Saved data entries

Content starts

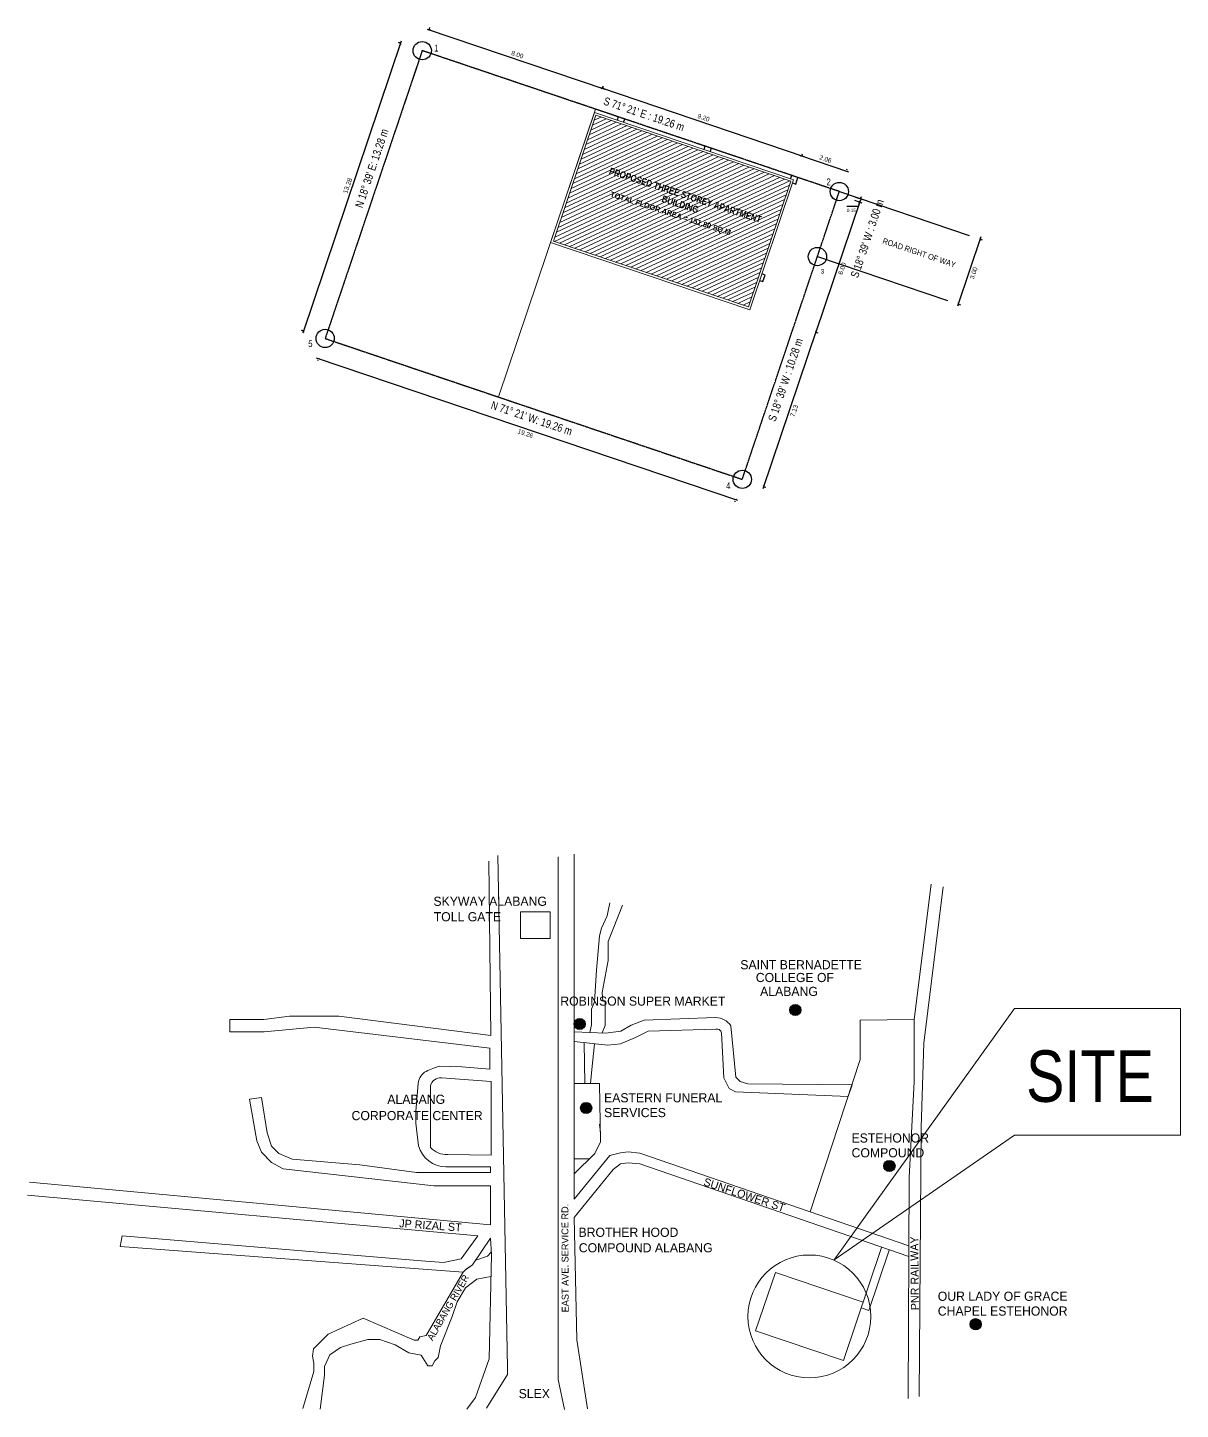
# Model space of a CAD drawing. Header units: millimetres. Extents: x 1634676 to 2610633, y -385676 to -37463.
# Drawn here: x 2464528 to 2514959, y -261292 to -200883 of the extents above; entities that cross this region are included whole.
import ezdxf
from ezdxf.enums import TextEntityAlignment as Align

# ---------------------------------------------------------------- set-up
doc = ezdxf.new("R2010")
doc.units = ezdxf.units.MM
doc.header["$MEASUREMENT"] = 0
doc.linetypes.add('CENTERX2', pattern=[4, 2.5, -0.5, 0.5, -0.5])
doc.layers.get('0').update_dxf_attribs({"lineweight": 15})
doc.layers.get('Defpoints').update_dxf_attribs({"color": 250})
doc.layers.add('.2', color=2, linetype='Continuous', lineweight=20)
doc.layers.add('ST-HATCH_E', color=250, linetype='Continuous', lineweight=9)
for name, color, linetype in [('A-LABELS', 1, 'Continuous'), ('A-Windows', 2, 'Continuous'), ('Dimensions', 2, 'Continuous'), ('property line', 4, 'CENTERX2'), ('TXT', 4, 'Continuous'), ('windoor', 1, 'Continuous')]:
    doc.layers.add(name, color=color, linetype=linetype)
doc.styles.add('AR4-Arial-Chan', font='arial.ttf', dxfattribs={"width": 0.8, "height": 150})
doc.styles.add('specs100', font='GOTHIC.TTF', dxfattribs={"height": 0.21})
doc.styles.get("Standard").update_dxf_attribs({"font": 'GOTHIC.TTF'})
doc.styles.add('txt100-1', font='swisscb.ttf', dxfattribs={"height": 0.35})
doc.dimstyles.new('sam', dxfattribs={"dimtxt": 150, "dimasz": 100, "dimexe": 100, "dimexo": 0.0625, "dimgap": 100, "dimtad": 2, "dimtoh": 1, "dimlfac": 0.001, "dimzin": 0, "dimdsep": 46, "dimtxsty": 'Standard', "dimblk": 'ARCHTICK', "dimcen": 0.09, "dimdle": 100, "dimclrd": 1, "dimclre": 1, "dimclrt": 2, "dimadec": 0, "dimazin": 0, "dimtfac": 1, "dimtofl": 0, "dimtmove": 0, "dimatfit": 3, "dimfxl": 1, "dimtolj": 1, "dimtzin": 0, "dimarcsym": 0})
doc.dimstyles.new('sam 2', dxfattribs={"dimtxt": 200, "dimasz": 100, "dimexe": 100, "dimexo": 250, "dimgap": 100, "dimtad": 2, "dimtoh": 1, "dimlfac": 0.001, "dimzin": 0, "dimdsep": 46, "dimtxsty": 'Standard', "dimblk": 'ARCHTICK', "dimcen": 0.09, "dimdle": 100, "dimclrd": 1, "dimclre": 1, "dimclrt": 2, "dimadec": 0, "dimazin": 0, "dimtfac": 1, "dimtofl": 0, "dimtmove": 0, "dimatfit": 3, "dimfxl": 1, "dimtolj": 1, "dimtzin": 0, "dimarcsym": 0})

# ---------------------------------------------------------------- blocks, each defined once
blk = doc.blocks.new('_ArchTick')
at = {"color": 0, "linetype": 'ByBlock', "const_width": 0.15}
blk.add_lwpolyline([(-0.5, -0.5), (0.5, 0.5)], dxfattribs=at)
blk = doc.blocks.new('*D1869')
at = {"layer": 'Defpoints', "color": 0, "transparency": 16777216}
for p in [(2477305, -215183), (2495495, -221514), (2495553, -221342)]:
    blk.add_point(p, dxfattribs=at)
at = {"layer": 'Dimensions', "color": 1, "lineweight": -2, "transparency": 16777216}
for p, q in [((2477152, -215323), (2495590, -221546)), ((2477225, -215420), (2477215, -215450)), ((2495473, -221579), (2495463, -221609))]:
    blk.add_line(p, q, dxfattribs=at)
at = {"layer": 'Dimensions', "color": 1, "lineweight": -2, "transparency": 16777216, "xscale": 100, "yscale": 100, "zscale": 100}
for p, rotation in [((2477247, -215355), 161.35), ((2495495, -221514), 341.35)]:
    blk.add_blockref('_ArchTick', p, dxfattribs=dict(at, rotation=rotation))
at = {"layer": 'Dimensions', "color": 2, "transparency": 16777216, "insert": (2486306, -218629), "char_height": 200, "attachment_point": 5, "rotation": 341.35}
blk.add_mtext('\\A1;19.26', dxfattribs=at)
blk = doc.blocks.new('*D1870')
at = {"layer": 'Defpoints', "color": 0, "transparency": 16777216}
for p in [(2482031, -201179), (2489679, -203536), (2489611, -203738)]:
    blk.add_point(p, dxfattribs=at)
at = {"layer": 'Dimensions', "color": 1, "lineweight": -2, "transparency": 16777216}
for p, q in [((2482004, -200946), (2489774, -203568)), ((2482111, -200943), (2482131, -200883)), ((2489691, -203501), (2489711, -203442))]:
    blk.add_line(p, q, dxfattribs=at)
at = {"layer": 'Dimensions', "color": 1, "lineweight": -2, "transparency": 16777216, "xscale": 100, "yscale": 100, "zscale": 100}
for p, rotation in [((2482099, -200978), 161.3500000000003), ((2489679, -203536), 341.3500000000004)]:
    blk.add_blockref('_ArchTick', p, dxfattribs=dict(at, rotation=rotation))
at = {"layer": 'Dimensions', "color": 2, "transparency": 16777216, "insert": (2485955, -202063), "char_height": 200, "attachment_point": 5, "rotation": 341.35}
blk.add_mtext('\\A1;8.00', dxfattribs=at)
blk = doc.blocks.new('*D1871')
at = {"layer": 'Defpoints', "color": 0, "transparency": 16777216}
for p in [(2489616, -203724), (2498392, -206492), (2498328, -206680)]:
    blk.add_point(p, dxfattribs=at)
at = {"layer": 'Dimensions', "color": 1, "lineweight": -2, "transparency": 16777216}
for p, q in [((2489585, -203504), (2498486, -206524)), ((2489696, -203487), (2489711, -203442)), ((2498408, -206443), (2498424, -206397))]:
    blk.add_line(p, q, dxfattribs=at)
at = {"layer": 'Dimensions', "color": 1, "lineweight": -2, "transparency": 16777216, "xscale": 100, "yscale": 100, "zscale": 100}
for p, rotation in [((2489679, -203536), 161.2605890233318), ((2498392, -206492), 341.2605890233318)]:
    blk.add_blockref('_ArchTick', p, dxfattribs=dict(at, rotation=rotation))
at = {"layer": 'Dimensions', "color": 2, "transparency": 16777216, "insert": (2494101, -204820), "char_height": 200, "attachment_point": 5, "rotation": 341.26059}
blk.add_mtext('\\A1;9.20', dxfattribs=at)
blk = doc.blocks.new('*D1872')
at = {"layer": 'Defpoints', "color": 0, "transparency": 16777216}
for p in [(2498328, -206680), (2500343, -207151), (2500280, -207338)]:
    blk.add_point(p, dxfattribs=at)
at = {"layer": 'Dimensions', "color": 1, "lineweight": -2, "transparency": 16777216}
for p, q in [((2498297, -206460), (2500438, -207183)), ((2498408, -206443), (2498423, -206397)), ((2500360, -207102), (2500375, -207056))]:
    blk.add_line(p, q, dxfattribs=at)
at = {"layer": 'Dimensions', "color": 1, "lineweight": -2, "transparency": 16777216, "xscale": 100, "yscale": 100, "zscale": 100}
for p, rotation in [((2498391, -206492), 161.3500000002429), ((2500343, -207151), 341.350000000243)]:
    blk.add_blockref('_ArchTick', p, dxfattribs=dict(at, rotation=rotation))
at = {"layer": 'Dimensions', "color": 2, "transparency": 16777216, "insert": (2499433, -206627), "char_height": 200, "attachment_point": 5, "rotation": 341.35}
blk.add_mtext('\\A1;2.06', dxfattribs=at)
blk = doc.blocks.new('*D1873')
at = {"layer": 'Defpoints', "color": 0, "transparency": 16777216}
for p in [(2481081, -201650), (2476598, -214153), (2476834, -214233)]:
    blk.add_point(p, dxfattribs=at)
at = {"layer": 'Dimensions', "color": 1, "lineweight": -2, "transparency": 16777216}
for p, q in [((2480877, -201476), (2476566, -214248)), ((2480844, -201570), (2480750, -201539)), ((2476597, -214153), (2476503, -214121))]:
    blk.add_line(p, q, dxfattribs=at)
at = {"layer": 'Dimensions', "color": 1, "lineweight": -2, "transparency": 16777216, "xscale": 100, "yscale": 100, "zscale": 100}
for p, rotation in [((2480845, -201571), 71.35000000000059), ((2476598, -214153), 251.3500000000006)]:
    blk.add_blockref('_ArchTick', p, dxfattribs=dict(at, rotation=rotation))
at = {"layer": 'Dimensions', "color": 2, "transparency": 16777216, "insert": (2478527, -207796), "char_height": 200, "attachment_point": 5, "rotation": 71.35}
blk.add_mtext('\\A1;13.28', dxfattribs=at)
blk = doc.blocks.new('*D1874')
at = {"layer": 'Defpoints', "color": 0, "transparency": 16777216}
for p in [(2498784, -214116), (2496504, -220872), (2496728, -220947)]:
    blk.add_point(p, dxfattribs=at)
at = {"layer": 'Dimensions', "color": 1, "lineweight": -2, "transparency": 16777216}
for p, q in [((2499040, -214097), (2496696, -221042)), ((2499021, -214196), (2499103, -214224)), ((2496741, -220952), (2496823, -220979))]:
    blk.add_line(p, q, dxfattribs=at)
at = {"layer": 'Dimensions', "color": 1, "lineweight": -2, "transparency": 16777216, "xscale": 100, "yscale": 100, "zscale": 100}
for p, rotation in [((2499008, -214192), 71.34999999999843), ((2496728, -220947), 251.3499999999984)]:
    blk.add_blockref('_ArchTick', p, dxfattribs=dict(at, rotation=rotation))
at = {"layer": 'Dimensions', "color": 2, "transparency": 16777216, "insert": (2498063, -217635), "char_height": 200, "attachment_point": 5, "rotation": 71.35}
blk.add_mtext('\\A1;7.13', dxfattribs=at)
blk = doc.blocks.new('*D1875')
at = {"layer": 'Defpoints', "color": 0, "transparency": 16777216}
for p in [(2500703, -208431), (2498784, -214116), (2499008, -214192)]:
    blk.add_point(p, dxfattribs=at)
at = {"layer": 'Dimensions', "color": 1, "lineweight": -2, "transparency": 16777216}
for p, q in [((2500959, -208412), (2498976, -214286)), ((2500939, -208511), (2501022, -208539)), ((2499021, -214196), (2499103, -214224))]:
    blk.add_line(p, q, dxfattribs=at)
at = {"layer": 'Dimensions', "color": 1, "lineweight": -2, "transparency": 16777216, "xscale": 100, "yscale": 100, "zscale": 100}
for p, rotation in [((2500927, -208507), 71.35000000000356), ((2499008, -214192), 251.3500000000035)]:
    blk.add_blockref('_ArchTick', p, dxfattribs=dict(at, rotation=rotation))
at = {"layer": 'Dimensions', "color": 2, "transparency": 16777216, "insert": (2500162, -211415), "char_height": 200, "attachment_point": 5, "rotation": 71.35}
blk.add_mtext('\\A1;6.00', dxfattribs=at)
blk = doc.blocks.new('*D1876')
at = {"layer": 'Defpoints', "color": 0, "transparency": 16777216}
for p in [(2500751, -208289), (2500703, -208431), (2500927, -208507)]:
    blk.add_point(p, dxfattribs=at)
at = {"layer": 'Dimensions', "color": 1, "lineweight": -2, "transparency": 16777216}
for p, q in [((2500751, -208289), (2501070, -208397)), ((2500975, -208365), (2501007, -208270)), ((2500863, -208696), (2500374, -208696)), ((2500703, -208431), (2501022, -208539)), ((2500927, -208507), (2500863, -208696))]:
    blk.add_line(p, q, dxfattribs=at)
at = {"layer": 'Dimensions', "color": 1, "lineweight": -2, "transparency": 16777216, "xscale": 100, "yscale": 100, "zscale": 100}
for p, rotation in [((2500975, -208365), 251.3499999999938), ((2500927, -208507), 71.34999999999378)]:
    blk.add_blockref('_ArchTick', p, dxfattribs=dict(at, rotation=rotation))
at = {"layer": 'Dimensions', "color": 2, "transparency": 16777216, "insert": (2500568, -208875), "char_height": 150, "attachment_point": 5}
blk.add_mtext('\\A1;0.15', dxfattribs=at)
blk = doc.blocks.new('*D1877')
at = {"layer": 'Defpoints', "color": 0, "transparency": 16777216}
for p in [(2505962, -210048), (2505002, -212890), (2505238, -212970)]:
    blk.add_point(p, dxfattribs=at)
at = {"layer": 'Dimensions', "color": 1, "lineweight": -2, "transparency": 16777216}
for p, q in [((2506230, -210033), (2505206, -213065)), ((2506199, -210128), (2506292, -210159)), ((2505239, -212970), (2505333, -213002))]:
    blk.add_line(p, q, dxfattribs=at)
at = {"layer": 'Dimensions', "color": 1, "lineweight": -2, "transparency": 16777216, "xscale": 100, "yscale": 100, "zscale": 100}
for p, rotation in [((2506198, -210127), 71.34999999999917), ((2505238, -212970), 251.3499999999991)]:
    blk.add_blockref('_ArchTick', p, dxfattribs=dict(at, rotation=rotation))
at = {"layer": 'Dimensions', "color": 2, "transparency": 16777216, "insert": (2505912, -211614), "char_height": 200, "attachment_point": 5, "rotation": 71.35}
blk.add_mtext('\\A1;3.00', dxfattribs=at)

msp = doc.modelspace()

# ---------------------------------------------------------------- hatches: boundary and pattern name
at = {"layer": 'ST-HATCH_E', "linetype": 'Continuous', "ltscale": 3}
h = msp.add_hatch(dxfattribs=at)
h.set_pattern_fill('ANSI31', color=256, scale=1300, angle=340)
h.paths.add_polyline_path([(2497913.443, -207595.216), (2489386.036, -204717.14), (2487531.276, -210212.58), (2496058.683, -213090.657)])
h.paths.add_polyline_path([(2492185.001, -208563.405), (2493829.406, -209096.009), (2493974.547, -208647.889), (2492330.142, -208115.284)], flags=24)
h.paths.add_polyline_path([(2490234.674, -207461.595), (2496219.803, -209400.113), (2496365.124, -208951.437), (2490379.995, -207012.919)], flags=24)
h.paths.add_polyline_path([(2490398.935, -208488.405), (2494790.759, -209910.868), (2494912.54, -209534.871), (2490520.717, -208112.408)], flags=24)
at = {"layer": 'windoor'}
h = msp.add_hatch(color=256, dxfattribs=at)
h.dxf.hatch_style = 1
h.paths.add_polyline_path([(2497872.93, -243829.83, 1), (2498359.959, -243829.83, 1)])
h = msp.add_hatch(color=256, dxfattribs=at)
h.dxf.hatch_style = 1
h.paths.add_polyline_path([(2488434.43, -244441.83, 1), (2488921.459, -244441.83, 1)])
h = msp.add_hatch(color=256, dxfattribs=at)
h.dxf.hatch_style = 1
h.paths.add_polyline_path([(2488718.384, -248113.518, 1), (2489205.413, -248113.518, 1)])
h = msp.add_hatch(color=256, dxfattribs=at)
h.dxf.hatch_style = 1
h.paths.add_polyline_path([(2501987.93, -250648.83, 1), (2502474.959, -250648.83, 1)])
h = msp.add_hatch(color=256, dxfattribs=at)
h.dxf.hatch_style = 1
h.paths.add_polyline_path([(2505759.43, -257568.83, 1), (2506246.459, -257568.83, 1)])

# ---------------------------------------------------------------- linework, layer by layer
at = {"layer": '.2', "color": 1, "linetype": 'Continuous', "ltscale": 3}
for p, q in [((2484797, -244953), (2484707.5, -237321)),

Content ends

> Action item
Quote the records above exactly, from the first line through the line containing "import ezdxf", and leave out the pictures.

> Solution to this exercise
# Model space of a CAD drawing. Header units: millimetres. Extents: x 1634676 to 2610633, y -385676 to -37463.
# Drawn here: x 2464528 to 2514959, y -261292 to -200883 of the extents above; entities that cross this region are included whole.
import ezdxf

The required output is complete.